§ **REQUIRED WORK**:
Search the records for the word "pattern" and report each line that has it.

§ **MATERIAL FOR THIS TASK**:
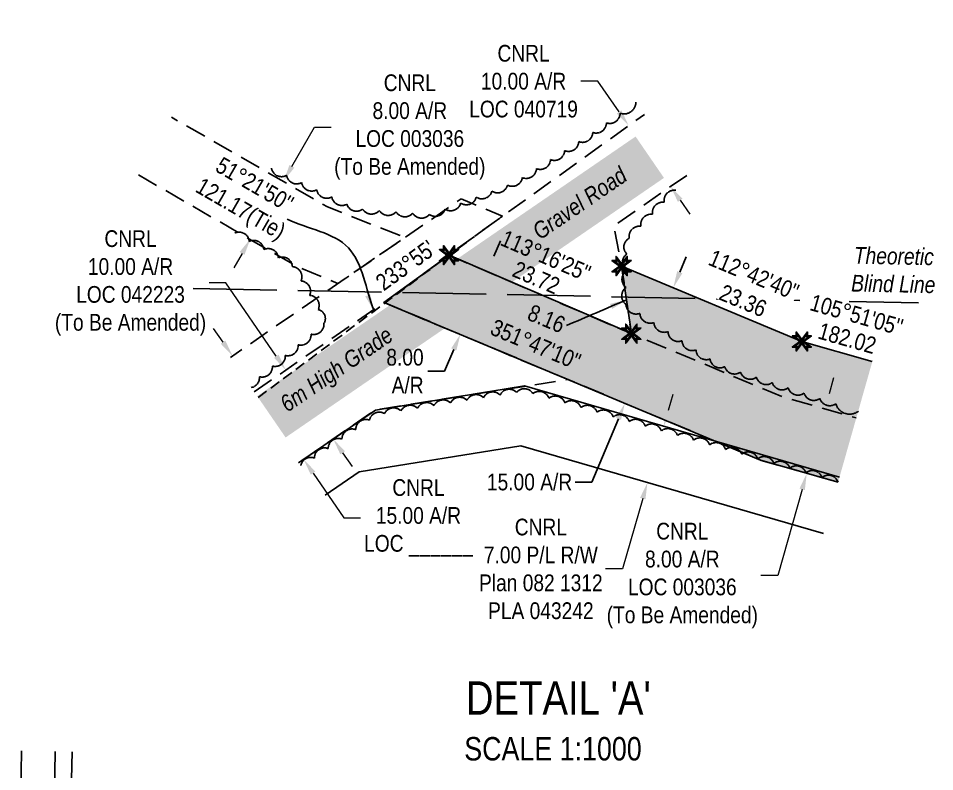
# Model space of a CAD drawing. Extents: x 410869 to 416967, y 6049756 to 6052439.
# Drawn here: x 412611 to 413158, y 6051589 to 6052039 of the extents above; entities that cross this region are included whole.
import ezdxf
from ezdxf.enums import TextEntityAlignment as Align

# ---------------------------------------------------------------- set-up
doc = ezdxf.new("R2010")
doc.units = 0
doc.header["$LTSCALE"] = 5
doc.header["$PDSIZE"] = 0.5
for name, pattern in [('0', [1, 1, 0]), ('foc-ACCESSROAD', [3.75, 2.5, -1.25]), ('foc-TIELINE', [1.875, 1.25, -0.625]), ('foc-UNSURVEYED', [12.5, 10, -2.5])]:
    doc.linetypes.add(name, pattern=pattern)
doc.layers.get('Defpoints').update_dxf_attribs({"color": 9})
for name, color, linetype in [('AS-ROADS', 254, 'Continuous'), ('C-AR', 13, 'foc-ACCESSROAD'), ('C-RW', 13, 'Continuous'), ('DETAIL-T', 7, 'Continuous'), ('F-AR', 190, 'foc-ACCESSROAD'), ('L-BD', 7, 'Continuous'), ('L-MON', 1, 'Continuous'), ('L-TIE', 7, 'foc-TIELINE'), ('L-USEC', 7, 'foc-UNSURVEYED'), ('P-PROPOSED', 10, 'Continuous'), ('P-PROPOSED-H', 21, 'Continuous'), ('P-TXT', 4, 'Continuous'), ('T-BUSH', 110, '0')]:
    doc.layers.add(name, color=color, linetype=linetype)
doc.layers.add('C-AR-T', color=13, linetype='Continuous', lineweight=9)
doc.layers.add('T-TEXT', color=48, linetype='Continuous', lineweight=18)
doc.styles.add('80CG', font='ARIALN.TTF', dxfattribs={"height": 10})
doc.styles.add('80L', font='ARIALN.TTF', dxfattribs={"height": 10})
doc.styles.get("Standard").update_dxf_attribs({"font": 'ARIALN.TTF'})
doc.dimstyles.new('Compass 5 000', dxfattribs={"dimscale": 5, "dimtxt": 9, "dimasz": 2, "dimexe": 0.2, "dimexo": 0.0625, "dimgap": 0.5, "dimtad": 0, "dimtih": 1, "dimtoh": 1, "dimzin": 0, "dimdsep": 46, "dimtxsty": '80CG', "dimcen": 0.1, "dimse1": 1, "dimse2": 1, "dimclrd": 256, "dimclrt": 256, "dimaunit": 1, "dimadec": 4, "dimazin": 0, "dimtfac": 0.06, "dimtofl": 0, "dimtmove": 0, "dimatfit": 1, "dimfxl": 0.2, "dimtolj": 1, "dimtzin": 0, "dimlwd": -1, "dimarcsym": 0})

# ---------------------------------------------------------------- blocks, each defined once
blk = doc.blocks.new('*D285')
at = {"layer": 'C-AR-T', "transparency": 16777216}
for p, q in [((412774.06, 6051950.37), (412787.5, 6051973.84)), ((412787.5, 6051973.84), (412797.5, 6051973.84)), ((412744.25, 6051898.33), (412739.28, 6051889.65))]:
    blk.add_line(p, q, dxfattribs=at)
for points in [[(412772.62, 6051951.2), (412775.51, 6051949.54), (412769.09, 6051941.69)], [(412742.81, 6051899.16), (412745.7, 6051897.5), (412749.22, 6051907)]]:
    blk.add_solid(points, dxfattribs=at)
at = {"layer": 'Defpoints', "color": 0, "transparency": 16777216}
for p in [(412769.09, 6051941.69), (412787.18, 6051931.34), (412767.31, 6051896.65)]:
    blk.add_point(p, dxfattribs=at)
at = {"layer": 'C-AR-T', "transparency": 16777216, "insert": (412844.52, 6051973.84), "char_height": 10, "attachment_point": 5, "style": '80CG'}
blk.add_mtext('\\A1;CNRL\\P8.00 A/R\\PLOC 003036\\P(To Be Amended)', dxfattribs=at)
blk = doc.blocks.new('*D286')
at = {"layer": 'C-AR-T', "transparency": 16777216}
for p, q in [((412732.91, 6051845.29), (412727.25, 6051853.53)), ((412786.69, 6051767.02), (412805.07, 6051740.28)), ((412805.07, 6051740.28), (412815.07, 6051740.28))]:
    blk.add_line(p, q, dxfattribs=at)
for points in [[(412734.28, 6051846.24), (412731.54, 6051844.35), (412738.57, 6051837.05)], [(412788.07, 6051767.97), (412785.32, 6051766.08), (412781.03, 6051775.27)]]:
    blk.add_solid(points, dxfattribs=at)
at = {"layer": 'Defpoints', "color": 0, "transparency": 16777216}
for p in [(412750.34, 6051845.14), (412792.8, 6051783.35), (412781.03, 6051775.27)]:
    blk.add_point(p, dxfattribs=at)
at = {"layer": 'C-AR-T', "transparency": 16777216, "insert": (412849.68, 6051740.28), "char_height": 10, "attachment_point": 5, "style": '80CG'}
blk.add_mtext('\\A1;CNRL\\P15.00 A/R\\PLOC ______', dxfattribs=at)
blk = doc.blocks.new('*D287')
at = {"layer": 'C-AR-T', "transparency": 16777216}
for p, q in [((412734.62, 6051880.67), (412724.62, 6051880.67)), ((412764.73, 6051836.85), (412734.62, 6051880.67)), ((412804.38, 6051779.17), (412810.04, 6051770.93))]:
    blk.add_line(p, q, dxfattribs=at)
for points in [[(412766.11, 6051837.8), (412763.36, 6051835.91), (412770.4, 6051828.61)], [(412805.75, 6051780.12), (412803, 6051778.23), (412798.71, 6051787.42)]]:
    blk.add_solid(points, dxfattribs=at)
at = {"layer": 'Defpoints', "color": 0, "transparency": 16777216}
for p in [(412781.03, 6051835.92), (412770.4, 6051828.61), (412809.34, 6051794.72)]:
    blk.add_point(p, dxfattribs=at)
at = {"layer": 'C-AR-T', "transparency": 16777216, "insert": (412677.6, 6051880.67), "char_height": 10, "attachment_point": 5, "style": '80CG'}
blk.add_mtext('\\A1;CNRL\\P10.00 A/R\\PLOC 042223\\P(To Be Amended)', dxfattribs=at)
blk = doc.blocks.new('*D288')
at = {"layer": 'C-AR-T', "transparency": 16777216}
for p, q in [((412999.04, 6051804.6), (413001.82, 6051814.2)), ((412983.72, 6051751.79), (412971.53, 6051709.72)), ((412971.53, 6051709.72), (412961.53, 6051709.72))]:
    blk.add_line(p, q, dxfattribs=at)
for points in [[(412997.44, 6051805.06), (413000.64, 6051804.13), (412996.25, 6051794.99)], [(412982.12, 6051752.25), (412985.33, 6051751.33), (412986.51, 6051761.39)]]:
    blk.add_solid(points, dxfattribs=at)
at = {"layer": 'Defpoints', "color": 0, "transparency": 16777216}
for p in [(412987.16, 6051797.63), (412977.42, 6051764.03), (412986.51, 6051761.39)]:
    blk.add_point(p, dxfattribs=at)
at = {"layer": 'C-AR-T', "transparency": 16777216, "insert": (412922.82, 6051709.72), "char_height": 10, "attachment_point": 5, "style": '80CG'}
blk.add_mtext('\\A1;CNRL\\P7.00 P/L R/W\\PPlan 082 1312\\PPLA 043242', dxfattribs=at)
blk = doc.blocks.new('*D289')
at = {"layer": 'Defpoints', "color": 0, "transparency": 16777216}
for p in [(413001.97, 6051877.83), (413022.77, 6051869.13), (412993.85, 6051800.03)]:
    blk.add_point(p, dxfattribs=at)
at = {"layer": 'P-TXT', "transparency": 16777216}
for p, q in [((413005.83, 6051887.06), (413009.7, 6051896.28)), ((412969.19, 6051799.51), (412953.35, 6051761.66)), ((412953.35, 6051761.66), (412943.35, 6051761.66))]:
    blk.add_line(p, q, dxfattribs=at)
for points in [[(413004.3, 6051887.7), (413007.37, 6051886.42), (413001.97, 6051877.83)], [(412967.65, 6051800.15), (412970.73, 6051798.87), (412973.05, 6051808.73)]]:
    blk.add_solid(points, dxfattribs=at)
at = {"layer": 'P-TXT', "transparency": 16777216, "insert": (412916.07, 6051761.66), "char_height": 10, "attachment_point": 5, "style": '80CG'}
blk.add_mtext('\\A1;15.00 A/R', dxfattribs=at)
blk = doc.blocks.new('*D290')
at = {"layer": 'Defpoints', "color": 0, "transparency": 16777216}
for p in [(412890.8, 6051887.44), (412911.07, 6051878.72), (412895.02, 6051841.4)]:
    blk.add_point(p, dxfattribs=at)
at = {"layer": 'P-TXT', "transparency": 16777216}
for p, q in [((412894.75, 6051896.62), (412898.71, 6051905.81)), ((412870.8, 6051840.93), (412865.19, 6051827.89)), ((412865.19, 6051827.89), (412855.19, 6051827.89))]:
    blk.add_line(p, q, dxfattribs=at)
for points in [[(412893.22, 6051897.28), (412896.29, 6051895.96), (412890.8, 6051887.44)], [(412869.27, 6051841.59), (412872.33, 6051840.27), (412874.75, 6051850.11)]]:
    blk.add_solid(points, dxfattribs=at)
at = {"layer": 'P-TXT', "transparency": 16777216, "insert": (412841.63, 6051827.89), "char_height": 10, "attachment_point": 5, "style": '80CG'}
blk.add_mtext('\\A1;8.00\\P A/R', dxfattribs=at)
blk = doc.blocks.new('TEMP')
h = blk.add_hatch(color=255)
h.dxf.hatch_style = 1
h.paths.add_polyline_path([(0, 0.25), (-0.67, 1.15), (-0.67, 0.67), (-1.15, 0.67), (-0.25, 0), (-1.15, -0.67), (-0.67, -0.67), (-0.67, -1.15), (0, -0.25), (0.67, -1.15), (0.67, -0.67), (1.15, -0.67), (0.25, 0), (1.15, 0.67), (0.67, 0.67), (0.67, 1.15)])
h.paths.add_polyline_path([(0.57, 0.85), (0.57, 0.57), (0.85, 0.57), (0.08, 0), (0.85, -0.57), (0.57, -0.57), (0.57, -0.85), (0, -0.08), (-0.57, -0.85), (-0.57, -0.57), (-0.85, -0.57), (-0.08, 0), (-0.85, 0.57), (-0.57, 0.57), (-0.57, 0.85), (0, 0.08)], flags=16)
h = blk.add_hatch(color=1)
h.dxf.hatch_style = 1
h.paths.add_polyline_path([(0, 0.08), (-0.57, 0.85), (-0.57, 0.57), (-0.85, 0.57), (-0.08, 0), (-0.85, -0.57), (-0.57, -0.57), (-0.57, -0.85), (0, -0.08), (0.57, -0.85), (0.57, -0.57), (0.85, -0.57), (0.08, 0), (0.85, 0.57), (0.57, 0.57), (0.57, 0.85)])
at = {"color": 1}
for p, q in [((-0.08, 0), (0.08, 0)), ((0, 0.08), (0, -0.08))]:
    blk.add_line(p, q, dxfattribs=at)
at = {"color": 255, "flags": 128}
blk.add_lwpolyline([(-0.25, 0), (-1.15, 0.67), (-0.67, 0.67), (-0.67, 1.15), (0, 0.25), (0.67, 1.15), (0.67, 0.67), (1.15, 0.67), (0.25, 0), (1.15, -0.67), (0.67, -0.67), (0.67, -1.15), (0, -0.25), (-0.67, -1.15), (-0.67, -0.67), (-1.15, -0.67)], close=True, dxfattribs=at)
at = {"color": 1, "flags": 128}
blk.add_lwpolyline([(-0.08, 0), (-0.85, 0.57), (-0.57, 0.57), (-0.57, 0.85), (0, 0.08), (0.57, 0.85), (0.57, 0.57), (0.85, 0.57), (0.08, 0), (0.85, -0.57), (0.57, -0.57), (0.57, -0.85), (0, -0.08), (-0.57, -0.85), (-0.57, -0.57), (-0.85, -0.57)], close=True, dxfattribs=at)

msp = doc.modelspace()

# ---------------------------------------------------------------- hatches: boundary and pattern name
at = {"layer": 'P-PROPOSED-H'}
h = msp.add_hatch(color=256, dxfattribs=at)
h.dxf.hatch_style = 1
h.paths.add_polyline_path([(413100.446, 6051761.602), (413120.923, 6051833.719), (413078.802, 6051845.679), (412971.084, 6051890.764), (412976.91, 6051850.4), (412867.948, 6051897.267), (412829.069, 6051868.935), (413054.002, 6051774.79)])

# ---------------------------------------------------------------- linework, layer by layer
at = {"layer": 'AS-ROADS', "const_width": 29.987, "flags": 128}
msp.add_lwpolyline([(412987.927, 6051955.838), (412761.797, 6051800.683)], dxfattribs=at)
at = {"layer": 'C-AR', "flags": 128}
for points in [[(412682.402, 6051945.267), (412777.677, 6051890.21), (412801.549, 6051880.327), (412841.55, 6051907.816), (412795.355, 6051926.154), (412702.186, 6051979.695)], [(413010.003, 6051944.972), (412966.46, 6051914.792), (412971.084, 6051890.764), (412976.91, 6051850.4), (412867.642, 6051897.399), (412984.729, 6051981.437)], [(412779.83, 6051774.441), (412823.932, 6051804.747), (412938.892, 6051822.969), (412829.069, 6051868.935), (412899.905, 6051920.555), (412875.16, 6051930.912), (412737.372, 6051836.226)], [(413100.444, 6051761.595), (413054.531, 6051774.631), (412829.126, 6051868.974), (412867.948, 6051897.267), (412976.91, 6051850.4), (413067.751, 6051812.422), (413111.36, 6051800.04)], [(412751.52, 6051815.637), (412829.069, 6051868.935)]]:
    msp.add_lwpolyline(points, dxfattribs=at)
at = {"layer": 'C-AR-T'}
for p, q in [((412956.798, 6052001.224), (412946.798, 6052001.224)), ((412969.619, 6051982.899), (412956.798, 6052001.224)), ((413006.096, 6051930.098), (413011.792, 6051921.879)), ((413095.253, 6051814.552), (413097.985, 6051824.172)), ((413078.996, 6051757.298), (413064.382, 6051705.83)), ((413064.382, 6051705.83), (413054.382, 6051705.83))]:
    msp.add_line(p, q, dxfattribs=at)
for points in [[(412970.989, 6051983.849), (412968.249, 6051981.95), (412975.315, 6051974.68)], [(413007.466, 6051931.047), (413004.726, 6051929.148), (413000.4, 6051938.317)], [(413093.65, 6051815.008), (413096.856, 6051814.097), (413092.522, 6051804.933)], [(413077.393, 6051757.753), (413080.599, 6051756.842), (413081.727, 6051766.917)]]:
    msp.add_solid(points, dxfattribs=at)
at = {"layer": 'C-RW'}
for points in [[(412777.995, 6051773.18), (412823.932, 6051804.747), (412913.124, 6051819.101), (413101.279, 6051764.539)], [(412777.995, 6051773.18), (412823.932, 6051804.747), (412913.124, 6051819.101), (413101.279, 6051764.539)], [(413091.723, 6051730.884), (412910.926, 6051783.313), (412814.214, 6051767.749), (412793.983, 6051753.846)], [(413091.723, 6051730.884), (412910.926, 6051783.313), (412814.214, 6051767.749), (412793.983, 6051753.846)]]:
    msp.add_lwpolyline(points, dxfattribs=at)
at = {"layer": 'F-AR', "flags": 128}
msp.add_lwpolyline([(412913.167, 6051819.083), (412823.932, 6051804.747), (412777.997, 6051773.177)], dxfattribs=at)
at = {"layer": 'L-TIE'}
msp.add_line((412753.895, 6051812.182), (412867.948, 6051897.267), dxfattribs=at)
at = {"layer": 'L-USEC'}
for p, q in [((412715.138, 6051877.423), (413082.703, 6051870.121)), ((413107.112, 6051869.636), (413148.491, 6051868.814)), ((412610.55, 6051501.06), (412612.474, 6051600.997)), ((412630.655, 6051500.673), (412632.578, 6051600.597)), ((412640.707, 6051500.479), (412642.63, 6051600.398))]:
    msp.add_line(p, q, dxfattribs=at)
at = {"layer": 'P-PROPOSED', "flags": 128}
msp.add_lwpolyline([(413100.446, 6051761.602), (413054.002, 6051774.79), (412829.069, 6051868.935), (412867.948, 6051897.267), (412976.91, 6051850.4), (412971.084, 6051890.764), (413078.802, 6051845.679), (413120.923, 6051833.719)], dxfattribs=at)
at = {"layer": 'T-BUSH', "flags": 128}
for points in [[(412761.835, 6051949.297, 0.5205671), (412770.854, 6051944.988, 0.5205671), (412779.873, 6051940.678, 0.5205671), (412788.892, 6051936.369, 0.5205671), (412797.911, 6051932.059, 0.5205671), (412806.93, 6051927.75, 0.5205671), (412816.328, 6051924.849, 0.5205671), (412826.291, 6051924.042, 0.5205671), (412836.254, 6051923.236, 0.5205671), (412846.217, 6051922.43, 0.5205671), (412856.18, 6051921.624, 0.5205671), (412865.563, 6051924.859, 0.5205671), (412874.898, 6051928.434, 0.5205671), (412884.232, 6051932.009, 0.5205671), (412893.567, 6051935.585, 0.5205671), (412902.901, 6051939.16, 0.5205671), (412911.783, 6051943.633, 0.5205671), (412920.208, 6051949.012, 0.5205671), (412928.633, 6051954.39, 0.5205671), (412937.058, 6051959.769, 0.5205671), (412945.483, 6051965.148, 0.5205671), (412953.841, 6051970.626, 0.5205671), (412962.01, 6051976.386, 0.5205671), (412970.178, 6051982.147, 0.5205671), (412979.601, 6051988.792, 0.5205671)], [(413003.558, 6051936.058, 0.5205671), (412996.592, 6051928.889, 0.5205671), (412989.627, 6051921.72, 0.5205671), (412982.661, 6051914.551, 0.5205671), (412975.696, 6051907.382, 0.5205671), (412974.242, 6051897.905, 0.5205671), (412974.019, 6051887.912, 0.5205671), (412973.797, 6051877.919, 0.5205671), (412973.66, 6051867.971, 0.5205671), (412982.037, 6051862.517, 0.5205671), (412990.413, 6051857.062, 0.5205671), (412998.789, 6051851.608, 0.5205671), (413007.166, 6051846.154, 0.5205671), (413015.542, 6051840.7, 0.5205671), (413023.918, 6051835.245, 0.5205671), (413032.69, 6051830.612, 0.5205671), (413042.174, 6051827.452, 0.5205671), (413051.657, 6051824.293, 0.5205671), (413061.14, 6051821.134, 0.5205671), (413070.623, 6051817.975, 0.5205671), (413080.106, 6051814.815, 0.5205671), (413089.59, 6051811.656, 0.5205671), (413099.073, 6051808.497, 0.5205671), (413112.62, 6051803.984, 0.5205671)], [(412739.878, 6051910.477, -0.520567), (412748.579, 6051905.557, -0.5205671), (412757.279, 6051900.636, -0.5205671), (412765.98, 6051895.715, -0.5205671), (412774.329, 6051890.434, -0.5205671), (412779.485, 6051881.871, -0.5205671), (412784.641, 6051873.307, -0.5205671), (412789.797, 6051864.744, -0.5205671), (412793.177, 6051856.484, -0.5205671), (412785.474, 6051850.114, -0.5205671), (412777.771, 6051843.744, -0.5205671), (412770.068, 6051837.374, -0.5205671), (412762.365, 6051831.004, -0.5205671), (412754.662, 6051824.634, -0.3799683), (412749.783, 6051818.165, -0.3799683)], [(413100.444, 6051761.659, 0.520567), (413090.844, 6051764.442, 0.5205671), (413081.244, 6051767.226, 0.5205671), (413071.644, 6051770.01, 0.5205671), (413062.044, 6051772.794, 0.5205671), (413052.444, 6051775.578, 0.5205671), (413042.844, 6051778.362, 0.5205671), (413033.244, 6051781.146, 0.5205671), (413023.644, 6051783.93, 0.5205671), (413014.043, 6051786.714, 0.5205671), (413004.443, 6051789.498, 0.5205671), (412994.843, 6051792.282, 0.5205671), (412985.243, 6051795.065, 0.5205671), (412975.643, 6051797.849, 0.5205671), (412966.043, 6051800.633, 0.5205671), (412956.443, 6051803.417, 0.5205671), (412946.843, 6051806.201, 0.5205671), (412937.243, 6051808.985, 0.5205671), (412927.643, 6051811.769, 0.5205671), (412918.043, 6051814.553, 0.5205671), (412908.317, 6051815.29, 0.5205671), (412898.448, 6051813.702, 0.5205671), (412888.58, 6051812.114, 0.5205671), (412878.711, 6051810.526, 0.5205671), (412868.842, 6051808.938, 0.5205671), (412858.974, 6051807.349, 0.5205671), (412849.105, 6051805.761, 0.5205671), (412839.236, 6051804.173, 0.5205671), (412829.368, 6051802.585, 0.5205671), (412820.421, 6051798.695, 0.5205671), (412812.183, 6051793.034, 0.5205671), (412803.945, 6051787.372, 0.5205671), (412795.708, 6051781.711, 0.5205671), (412787.47, 6051776.049, 0.4616387), (412779.352, 6051771.538, 0.4616387)]]:
    msp.add_lwpolyline(points, format="xyb", dxfattribs=at)

# ---------------------------------------------------------------- block references
at = {"layer": 'L-MON', "color": 6, "xscale": 4.99779799999998, "yscale": 4.99779799999998, "zscale": 4.99779799999998}
msp.add_blockref('TEMP', (412867.948, 6051897.267), dxfattribs=at)
at = {"layer": 'L-MON', "color": 2, "xscale": 4.99779799999998, "yscale": 4.99779799999998, "zscale": 4.99779799999998}
for p in [(412971.084, 6051890.764), (412976.91, 6051850.4), (413078.802, 6051845.679)]:
    msp.add_blockref('TEMP', p, dxfattribs=at)

# ---------------------------------------------------------------- texts
at = {"layer": 'C-AR-T', "char_height": 10, "attachment_point": 5, "style": '80CG'}
for s, insert in [('\\A1;CNRL\\P10.00 A/R\\PLOC 040719', (412912.484, 6052001.224)), ('\\A1;CNRL\\P8.00 A/R\\PLOC 003036\\P(To Be Amended)', (413007.366, 6051705.83))]:
    msp.add_mtext(s, dxfattribs=dict(at, insert=insert))
at = {"layer": 'DETAIL-T', "color": 3, "insert": (412930.082, 6051618.848), "char_height": 19.99119, "width": 223.75944, "attachment_point": 5, "style": '80CG'}
msp.add_mtext(" DETAIL 'A'\\P{\\H0.7x;SCALE 1:1000}", dxfattribs=at)
at = {"layer": 'L-BD'}
for s, p in [('113°16\'25"', (412925.764, 6051896.969)), ('23.72', (412920.136, 6051883.885))]:
    msp.add_text(s, height=9.9956, rotation=336.72626, dxfattribs=at).set_placement(p, align=Align.MIDDLE_CENTER)
at = {"layer": 'L-BD', "style": '80L'}
for s, rotation, p in [("233°55'", 36.0845, (412841.967, 6051891.245)), ("105°51'05''", 344.1484, (413111.56, 6051861.662)), ('182.02 ', 344.1484, (413107.464, 6051847.239))]:
    msp.add_text(s, height=9.9956, rotation=rotation, dxfattribs=at).set_placement(p, align=Align.MIDDLE)
at = {"layer": 'L-BD', "insert": (412754.372, 6051943.955), "char_height": 9.9956, "width": 58.65507, "attachment_point": 2, "rotation": 329.97725, "style": '80L'}
msp.add_mtext("51°21'50''\\P121.17(Tie) ", dxfattribs=at)
at = {"layer": 'L-BD', "insert": (412928.135, 6051863.952), "char_height": 9.9956, "width": 29.8227, "attachment_point": 2, "rotation": 337.28838}
msp.add_mtext('8.16\\P351°47\'10" ', dxfattribs=at)
at = {"layer": 'L-USEC', "insert": (413133.883, 6051901.75), "char_height": 9.99563, "width": 50.10538, "attachment_point": 2, "rotation": 358.86189, "style": '80L'}
msp.add_mtext('{\\fArial Narrow|b0|i1|c0|p34;Theoretic \\PBlind Line}', dxfattribs=at)
at = {"layer": 'T-TEXT', "char_height": 9.99563, "attachment_point": 2, "rotation": 34.45524, "style": '80L'}
for s, insert, width in [('{\\fArial Narrow|b0|i1|c0|p34;Gravel Road}', (412943.18, 6051932.547), 64.942), ('{\\fArial Narrow|b0|i1|c0|p34;6m High Grade}', (412797.736, 6051833.253), 77.46041)]:
    msp.add_mtext(s, dxfattribs=dict(at, insert=insert, width=width))

# ---------------------------------------------------------------- dimensions: what is measured, and where the dimension line sits
at = {"layer": 'C-AR-T'}
for base, p1, p2, angle, text, picture, middle in [((412769.092, 6051941.695), (412767.313, 6051896.645), (412787.18, 6051931.336), 60.19966, 'CNRL\\P8.00 A/R\\PLOC 003036\\P(To Be Amended)', '*D285', (412844.517, 6051973.839)), ((412770.398, 6051828.612), (412809.34, 6051794.72), (412781.026, 6051835.916), 124.49981, 'CNRL\\P10.00 A/R\\PLOC 042223\\P(To Be Amended)', '*D287', (412677.603, 6051880.672)), ((412781.03, 6051775.266), (412750.341, 6051845.138), (412792.8, 6051783.353), 304.49656, 'CNRL\\P15.00 A/R\\PLOC ______', '*D286', (412849.679, 6051740.277)), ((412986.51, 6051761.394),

§ **OUTPUT OF THE EXERCISE**:
for name, pattern in [('0', [1, 1, 0]), ('foc-ACCESSROAD', [3.75, 2.5, -1.25]), ('foc-TIELINE', [1.875, 1.25, -0.625]), ('foc-UNSURVEYED', [12.5, 10, -2.5])]:
    doc.linetypes.add(name, pattern=pattern)
# ---------------------------------------------------------------- hatches: boundary and pattern name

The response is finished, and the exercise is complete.